_Dataset records_
Content starts

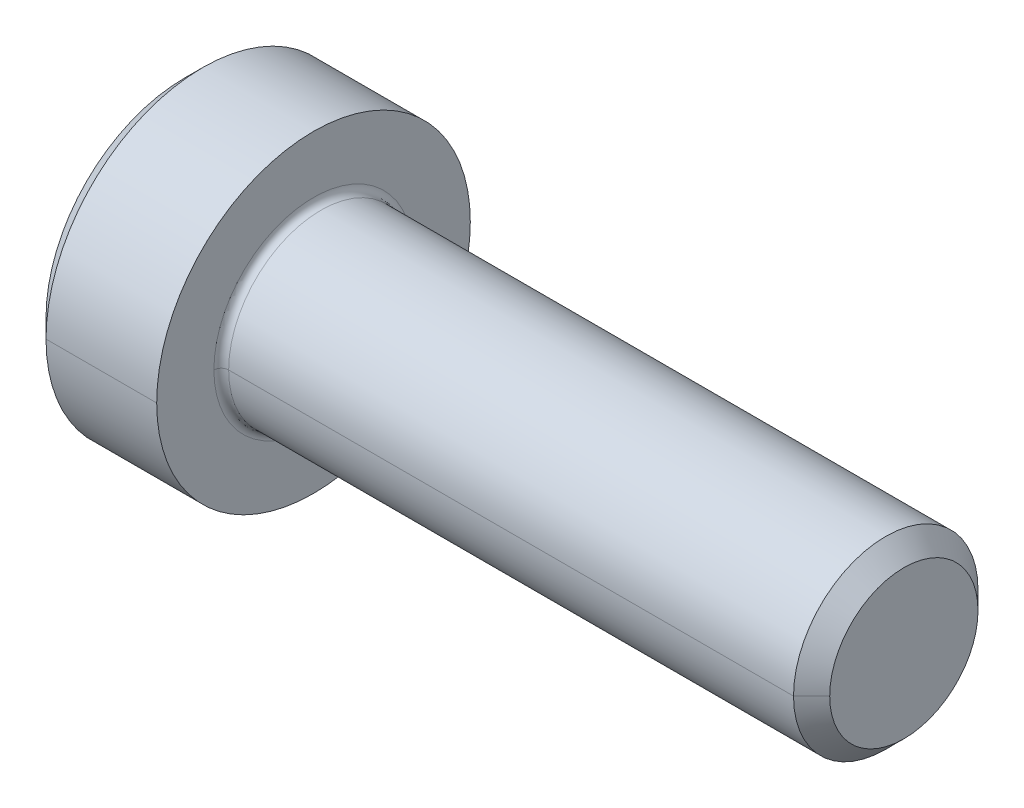
ISO-10303-21;
HEADER;
FILE_DESCRIPTION(('STEP AP214'),'2;1');
FILE_NAME('part.step','',(''),(''),'','','');
FILE_SCHEMA(('AUTOMOTIVE_DESIGN { 1 0 10303 214 1 1 1 1 }'));
ENDSEC;
DATA;
#1=APPLICATION_CONTEXT('core data for automotive mechanical design processes');
#2=APPLICATION_PROTOCOL_DEFINITION('international standard','automotive_design',2000,#1);
#3=PRODUCT_CONTEXT('',#1,'mechanical');
#4=PRODUCT('Part','Part','',(#3));
#5=PRODUCT_RELATED_PRODUCT_CATEGORY('part','',(#4));
#6=PRODUCT_DEFINITION_FORMATION('','',#4);
#7=PRODUCT_DEFINITION_CONTEXT('part definition',#1,'design');
#8=PRODUCT_DEFINITION('design','',#6,#7);
#9=PRODUCT_DEFINITION_SHAPE('','',#8);
#10=(LENGTH_UNIT() NAMED_UNIT(*) SI_UNIT(.MILLI.,.METRE.));
#11=(NAMED_UNIT(*) PLANE_ANGLE_UNIT() SI_UNIT($,.RADIAN.));
#12=(NAMED_UNIT(*) SI_UNIT($,.STERADIAN.) SOLID_ANGLE_UNIT());
#13=UNCERTAINTY_MEASURE_WITH_UNIT(LENGTH_MEASURE(1.E-05),#10,'distance_accuracy_value','');
#14=(GEOMETRIC_REPRESENTATION_CONTEXT(3) GLOBAL_UNCERTAINTY_ASSIGNED_CONTEXT((#13)) GLOBAL_UNIT_ASSIGNED_CONTEXT((#10,
#11,#12)) REPRESENTATION_CONTEXT('',''));
#15=CARTESIAN_POINT('',(0.,0.,0.));
#16=DIRECTION('',(0.,0.,1.));
#17=DIRECTION('',(1.,0.,0.));
#18=AXIS2_PLACEMENT_3D('',#15,#16,#17);
#19=CARTESIAN_POINT('',(-1.,0.,0.));
#20=DIRECTION('',(-1.,0.,0.));
#21=DIRECTION('',(0.,1.,0.));
#22=AXIS2_PLACEMENT_3D('',#19,#20,#21);
#23=CONICAL_SURFACE('',#22,2.,1.0471975512);
#24=DIRECTION('',(-0.499999999997054,0.,-0.86602540378614));
#25=VECTOR('',#24,1.);
#26=CARTESIAN_POINT('',(0.154700538370179,0.,0.));
#27=LINE('',#26,#25);
#28=CARTESIAN_POINT('',(0.15470053837925,0.,0.));
#29=VERTEX_POINT('',#28);
#30=CARTESIAN_POINT('',(-1.,0.,-2.));
#31=VERTEX_POINT('',#30);
#32=EDGE_CURVE('E11',#29,#31,#27,.T.);
#33=ORIENTED_EDGE('',*,*,#32,.T.);
#34=CARTESIAN_POINT('',(-1.,0.,0.));
#35=DIRECTION('',(1.,0.,0.));
#36=DIRECTION('',(0.,0.,-1.));
#37=AXIS2_PLACEMENT_3D('',#34,#35,#36);
#38=CIRCLE('',#37,2.);
#39=CARTESIAN_POINT('',(-1.,-1.7320508075689,-0.999999999999966));
#40=VERTEX_POINT('',#39);
#41=EDGE_CURVE('E24',#40,#31,#38,.T.);
#42=ORIENTED_EDGE('',*,*,#41,.F.);
#43=CARTESIAN_POINT('',(-1.,0.,0.));
#44=DIRECTION('',(1.,0.,0.));
#45=DIRECTION('',(0.,0.,-1.));
#46=AXIS2_PLACEMENT_3D('',#43,#44,#45);
#47=CIRCLE('',#46,2.);
#48=CARTESIAN_POINT('',(-1.,-1.7320508075689,0.999999999999966));
#49=VERTEX_POINT('',#48);
#50=EDGE_CURVE('E432',#49,#40,#47,.T.);
#51=ORIENTED_EDGE('',*,*,#50,.F.);
#52=CARTESIAN_POINT('',(-1.,0.,0.));
#53=DIRECTION('',(1.,0.,0.));
#54=DIRECTION('',(0.,0.,-1.));
#55=AXIS2_PLACEMENT_3D('',#52,#53,#54);
#56=CIRCLE('',#55,2.);
#57=CARTESIAN_POINT('',(-1.,0.,2.));
#58=VERTEX_POINT('',#57);
#59=EDGE_CURVE('E427',#58,#49,#56,.T.);
#60=ORIENTED_EDGE('',*,*,#59,.F.);
#61=DIRECTION('',(-0.499999999997054,0.,0.86602540378614));
#62=VECTOR('',#61,1.);
#63=CARTESIAN_POINT('',(0.154700538370179,0.,0.));
#64=LINE('',#63,#62);
#65=EDGE_CURVE('E422',#29,#58,#64,.T.);
#66=ORIENTED_EDGE('',*,*,#65,.F.);
#67=EDGE_LOOP('',(#33,#42,#51,#60,#66));
#68=FACE_BOUND('',#67,.T.);
#69=ADVANCED_FACE('F16',(#68),#23,.F.);
#70=CARTESIAN_POINT('',(-1.,0.,0.));
#71=DIRECTION('',(-1.,0.,0.));
#72=DIRECTION('',(0.,-1.,0.));
#73=AXIS2_PLACEMENT_3D('',#70,#71,#72);
#74=CONICAL_SURFACE('',#73,2.,1.0471975512);
#75=ORIENTED_EDGE('',*,*,#65,.T.);
#76=CARTESIAN_POINT('',(-1.,0.,0.));
#77=DIRECTION('',(1.,0.,0.));
#78=DIRECTION('',(0.,0.,-1.));
#79=AXIS2_PLACEMENT_3D('',#76,#77,#78);
#80=CIRCLE('',#79,2.);
#81=CARTESIAN_POINT('',(-1.,1.7320508075689,0.999999999999966));
#82=VERTEX_POINT('',#81);
#83=EDGE_CURVE('E417',#82,#58,#80,.T.);
#84=ORIENTED_EDGE('',*,*,#83,.F.);
#85=CARTESIAN_POINT('',(-1.,0.,0.));
#86=DIRECTION('',(1.,0.,0.));
#87=DIRECTION('',(0.,0.,-1.));
#88=AXIS2_PLACEMENT_3D('',#85,#86,#87);
#89=CIRCLE('',#88,2.);
#90=CARTESIAN_POINT('',(-1.,1.73205080756891,-0.999999999999976));
#91=VERTEX_POINT('',#90);
#92=EDGE_CURVE('E412',#91,#82,#89,.T.);
#93=ORIENTED_EDGE('',*,*,#92,.F.);
#94=CARTESIAN_POINT('',(-1.,0.,0.));
#95=DIRECTION('',(1.,0.,0.));
#96=DIRECTION('',(0.,0.,-1.));
#97=AXIS2_PLACEMENT_3D('',#94,#95,#96);
#98=CIRCLE('',#97,2.);
#99=EDGE_CURVE('E407',#31,#91,#98,.T.);
#100=ORIENTED_EDGE('',*,*,#99,.F.);
#101=ORIENTED_EDGE('',*,*,#32,.F.);
#102=EDGE_LOOP('',(#75,#84,#93,#100,#101));
#103=FACE_BOUND('',#102,.T.);
#104=ADVANCED_FACE('F465',(#103),#74,.F.);
#105=CARTESIAN_POINT('',(-1.,0.,0.));
#106=DIRECTION('',(1.,0.,0.));
#107=DIRECTION('',(0.,0.,-1.));
#108=AXIS2_PLACEMENT_3D('',#105,#106,#107);
#109=PLANE('',#108);
#110=ORIENTED_EDGE('',*,*,#99,.T.);
#111=DIRECTION('',(0.,0.499999999999983,0.866025403784448));
#112=VECTOR('',#111,1.);
#113=CARTESIAN_POINT('',(-1.,1.1547005383793,-2.));
#114=LINE('',#113,#112);
#115=CARTESIAN_POINT('',(-1.,1.1547005383793,-2.));
#116=VERTEX_POINT('',#115);
#117=EDGE_CURVE('E402',#116,#91,#114,.T.);
#118=ORIENTED_EDGE('',*,*,#117,.F.);
#119=DIRECTION('',(0.,1.,0.));
#120=VECTOR('',#119,1.);
#121=CARTESIAN_POINT('',(-1.,-1.1547005383793,-2.));
#122=LINE('',#121,#120);
#123=EDGE_CURVE('E397',#31,#116,#122,.T.);
#124=ORIENTED_EDGE('',*,*,#123,.F.);
#125=EDGE_LOOP('',(#110,#118,#124));
#126=FACE_BOUND('',#125,.T.);
#127=ADVANCED_FACE('F481',(#126),#109,.F.);
#128=CARTESIAN_POINT('',(-1.,-1.1547005383793,-2.));
#129=DIRECTION('',(0.,0.,1.));
#130=DIRECTION('',(1.,0.,0.));
#131=AXIS2_PLACEMENT_3D('',#128,#129,#130);
#132=PLANE('',#131);
#133=DIRECTION('',(0.,1.,0.));
#134=VECTOR('',#133,1.);
#135=CARTESIAN_POINT('',(-3.5,-1.1547005383793,-2.));
#136=LINE('',#135,#134);
#137=CARTESIAN_POINT('',(-3.5,-1.1547005383793,-2.));
#138=VERTEX_POINT('',#137);
#139=CARTESIAN_POINT('',(-3.5,1.1547005383793,-2.));
#140=VERTEX_POINT('',#139);
#141=EDGE_CURVE('E392',#138,#140,#136,.T.);
#142=ORIENTED_EDGE('',*,*,#141,.F.);
#143=DIRECTION('',(-1.,0.,0.));
#144=VECTOR('',#143,1.);
#145=CARTESIAN_POINT('',(-1.,-1.1547005383793,-2.));
#146=LINE('',#145,#144);
#147=CARTESIAN_POINT('',(-1.,-1.1547005383793,-2.));
#148=VERTEX_POINT('',#147);
#149=EDGE_CURVE('E387',#148,#138,#146,.T.);
#150=ORIENTED_EDGE('',*,*,#149,.F.);
#151=DIRECTION('',(0.,1.,0.));
#152=VECTOR('',#151,1.);
#153=CARTESIAN_POINT('',(-1.,-1.1547005383793,-2.));
#154=LINE('',#153,#152);
#155=EDGE_CURVE('E382',#148,#31,#154,.T.);
#156=ORIENTED_EDGE('',*,*,#155,.T.);
#157=ORIENTED_EDGE('',*,*,#123,.T.);
#158=DIRECTION('',(-1.,0.,0.));
#159=VECTOR('',#158,1.);
#160=CARTESIAN_POINT('',(-1.,1.1547005383793,-2.));
#161=LINE('',#160,#159);
#162=EDGE_CURVE('E378',#116,#140,#161,.T.);
#163=ORIENTED_EDGE('',*,*,#162,.T.);
#164=EDGE_LOOP('',(#142,#150,#156,#157,#163));
#165=FACE_BOUND('',#164,.T.);
#166=ADVANCED_FACE('F483',(#165),#132,.T.);
#167=CARTESIAN_POINT('',(-1.,1.1547005383793,-2.));
#168=DIRECTION('',(0.,-0.866025403784448,0.499999999999983));
#169=DIRECTION('',(0.,-0.499999999999983,-0.866025403784448));
#170=AXIS2_PLACEMENT_3D('',#167,#168,#169);
#171=PLANE('',#170);
#172=DIRECTION('',(0.,0.499999999999983,0.866025403784448));
#173=VECTOR('',#172,1.);
#174=CARTESIAN_POINT('',(-3.5,1.1547005383793,-2.));
#175=LINE('',#174,#173);
#176=CARTESIAN_POINT('',(-3.5,2.3094010767585,0.));
#177=VERTEX_POINT('',#176);
#178=EDGE_CURVE('E373',#140,#177,#175,.T.);
#179=ORIENTED_EDGE('',*,*,#178,.F.);
#180=ORIENTED_EDGE('',*,*,#162,.F.);
#181=ORIENTED_EDGE('',*,*,#117,.T.);
#182=DIRECTION('',(0.,0.499999999999983,0.866025403784448));
#183=VECTOR('',#182,1.);
#184=CARTESIAN_POINT('',(-1.,1.1547005383793,-2.));
#185=LINE('',#184,#183);
#186=CARTESIAN_POINT('',(-1.,2.3094010767585,0.));
#187=VERTEX_POINT('',#186);
#188=EDGE_CURVE('E369',#91,#187,#185,.T.);
#189=ORIENTED_EDGE('',*,*,#188,.T.);
#190=DIRECTION('',(-1.,0.,0.));
#191=VECTOR('',#190,1.);
#192=CARTESIAN_POINT('',(-1.,2.3094010767585,0.));
#193=LINE('',#192,#191);
#194=EDGE_CURVE('E365',#187,#177,#193,.T.);
#195=ORIENTED_EDGE('',*,*,#194,.T.);
#196=EDGE_LOOP('',(#179,#180,#181,#189,#195));
#197=FACE_BOUND('',#196,.T.);
#198=ADVANCED_FACE('F477',(#197),#171,.T.);
#199=CARTESIAN_POINT('',(-1.,2.3094010767585,0.));
#200=DIRECTION('',(0.,-0.866025403784448,-0.499999999999983));
#201=DIRECTION('',(0.,0.499999999999983,-0.866025403784448));
#202=AXIS2_PLACEMENT_3D('',#199,#200,#201);
#203=PLANE('',#202);
#204=DIRECTION('',(0.,-0.499999999999983,0.866025403784448));
#205=VECTOR('',#204,1.);
#206=CARTESIAN_POINT('',(-3.5,2.3094010767585,0.));
#207=LINE('',#206,#205);
#208=CARTESIAN_POINT('',(-3.5,1.1547005383793,2.));
#209=VERTEX_POINT('',#208);
#210=EDGE_CURVE('E360',#177,#209,#207,.T.);
#211=ORIENTED_EDGE('',*,*,#210,.F.);
#212=ORIENTED_EDGE('',*,*,#194,.F.);
#213=DIRECTION('',(0.,-0.499999999999983,0.866025403784448));
#214=VECTOR('',#213,1.);
#215=CARTESIAN_POINT('',(-1.,2.3094010767585,0.));
#216=LINE('',#215,#214);
#217=EDGE_CURVE('E355',#187,#82,#216,.T.);
#218=ORIENTED_EDGE('',*,*,#217,.T.);
#219=DIRECTION('',(0.,-0.499999999999983,0.866025403784448));
#220=VECTOR('',#219,1.);
#221=CARTESIAN_POINT('',(-1.,2.3094010767585,0.));
#222=LINE('',#221,#220);
#223=CARTESIAN_POINT('',(-1.,1.1547005383793,2.));
#224=VERTEX_POINT('',#223);
#225=EDGE_CURVE('E351',#82,#224,#222,.T.);
#226=ORIENTED_EDGE('',*,*,#225,.T.);
#227=DIRECTION('',(-1.,0.,0.));
#228=VECTOR('',#227,1.);
#229=CARTESIAN_POINT('',(-1.,1.1547005383793,2.));
#230=LINE('',#229,#228);
#231=EDGE_CURVE('E347',#224,#209,#230,.T.);
#232=ORIENTED_EDGE('',*,*,#231,.T.);
#233=EDGE_LOOP('',(#211,#212,#218,#226,#232));
#234=FACE_BOUND('',#233,.T.);
#235=ADVANCED_FACE('F470',(#234),#203,.T.);
#236=CARTESIAN_POINT('',(-1.,1.1547005383793,2.));
#237=DIRECTION('',(0.,0.,-1.));
#238=DIRECTION('',(-1.,0.,0.));
#239=AXIS2_PLACEMENT_3D('',#236,#237,#238);
#240=PLANE('',#239);
#241=DIRECTION('',(0.,-1.,0.));
#242=VECTOR('',#241,1.);
#243=CARTESIAN_POINT('',(-3.5,1.1547005383793,2.));
#244=LINE('',#243,#242);
#245=CARTESIAN_POINT('',(-3.5,-1.1547005383793,2.));
#246=VERTEX_POINT('',#245);
#247=EDGE_CURVE('E342',#209,#246,#244,.T.);
#248=ORIENTED_EDGE('',*,*,#247,.F.);
#249=ORIENTED_EDGE('',*,*,#231,.F.);
#250=DIRECTION('',(0.,-1.,0.));
#251=VECTOR('',#250,1.);
#252=CARTESIAN_POINT('',(-1.,1.1547005383793,2.));
#253=LINE('',#252,#251);
#254=EDGE_CURVE('E337',#224,#58,#253,.T.);
#255=ORIENTED_EDGE('',*,*,#254,.T.);
#256=DIRECTION('',(0.,-1.,0.));
#257=VECTOR('',#256,1.);
#258=CARTESIAN_POINT('',(-1.,1.1547005383793,2.));
#259=LINE('',#258,#257);
#260=CARTESIAN_POINT('',(-1.,-1.1547005383793,2.));
#261=VERTEX_POINT('',#260);
#262=EDGE_CURVE('E333',#58,#261,#259,.T.);
#263=ORIENTED_EDGE('',*,*,#262,.T.);
#264=DIRECTION('',(-1.,0.,0.));
#265=VECTOR('',#264,1.);
#266=CARTESIAN_POINT('',(-1.,-1.1547005383793,2.));
#267=LINE('',#266,#265);
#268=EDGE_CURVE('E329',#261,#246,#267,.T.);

Content ends

_Action item_
In the entries above, find the line holding "#7=PRODUCT_DEFINITION_CONTEXT('part definition',#1,'design');" and the line holding "#19=CARTESIAN_POINT('',(-1.,0.,0.));", then retype exactly those two lines and every line between them, and nothing else.

_Task result_
#7=PRODUCT_DEFINITION_CONTEXT('part definition',#1,'design');
#8=PRODUCT_DEFINITION('design','',#6,#7);
#9=PRODUCT_DEFINITION_SHAPE('','',#8);
#10=(LENGTH_UNIT() NAMED_UNIT(*) SI_UNIT(.MILLI.,.METRE.));
#11=(NAMED_UNIT(*) PLANE_ANGLE_UNIT() SI_UNIT($,.RADIAN.));
#12=(NAMED_UNIT(*) SI_UNIT($,.STERADIAN.) SOLID_ANGLE_UNIT());
#13=UNCERTAINTY_MEASURE_WITH_UNIT(LENGTH_MEASURE(1.E-05),#10,'distance_accuracy_value','');
#14=(GEOMETRIC_REPRESENTATION_CONTEXT(3) GLOBAL_UNCERTAINTY_ASSIGNED_CONTEXT((#13)) GLOBAL_UNIT_ASSIGNED_CONTEXT((#10,
#11,#12)) REPRESENTATION_CONTEXT('',''));
#15=CARTESIAN_POINT('',(0.,0.,0.));
#16=DIRECTION('',(0.,0.,1.));
#17=DIRECTION('',(1.,0.,0.));
#18=AXIS2_PLACEMENT_3D('',#15,#16,#17);
#19=CARTESIAN_POINT('',(-1.,0.,0.));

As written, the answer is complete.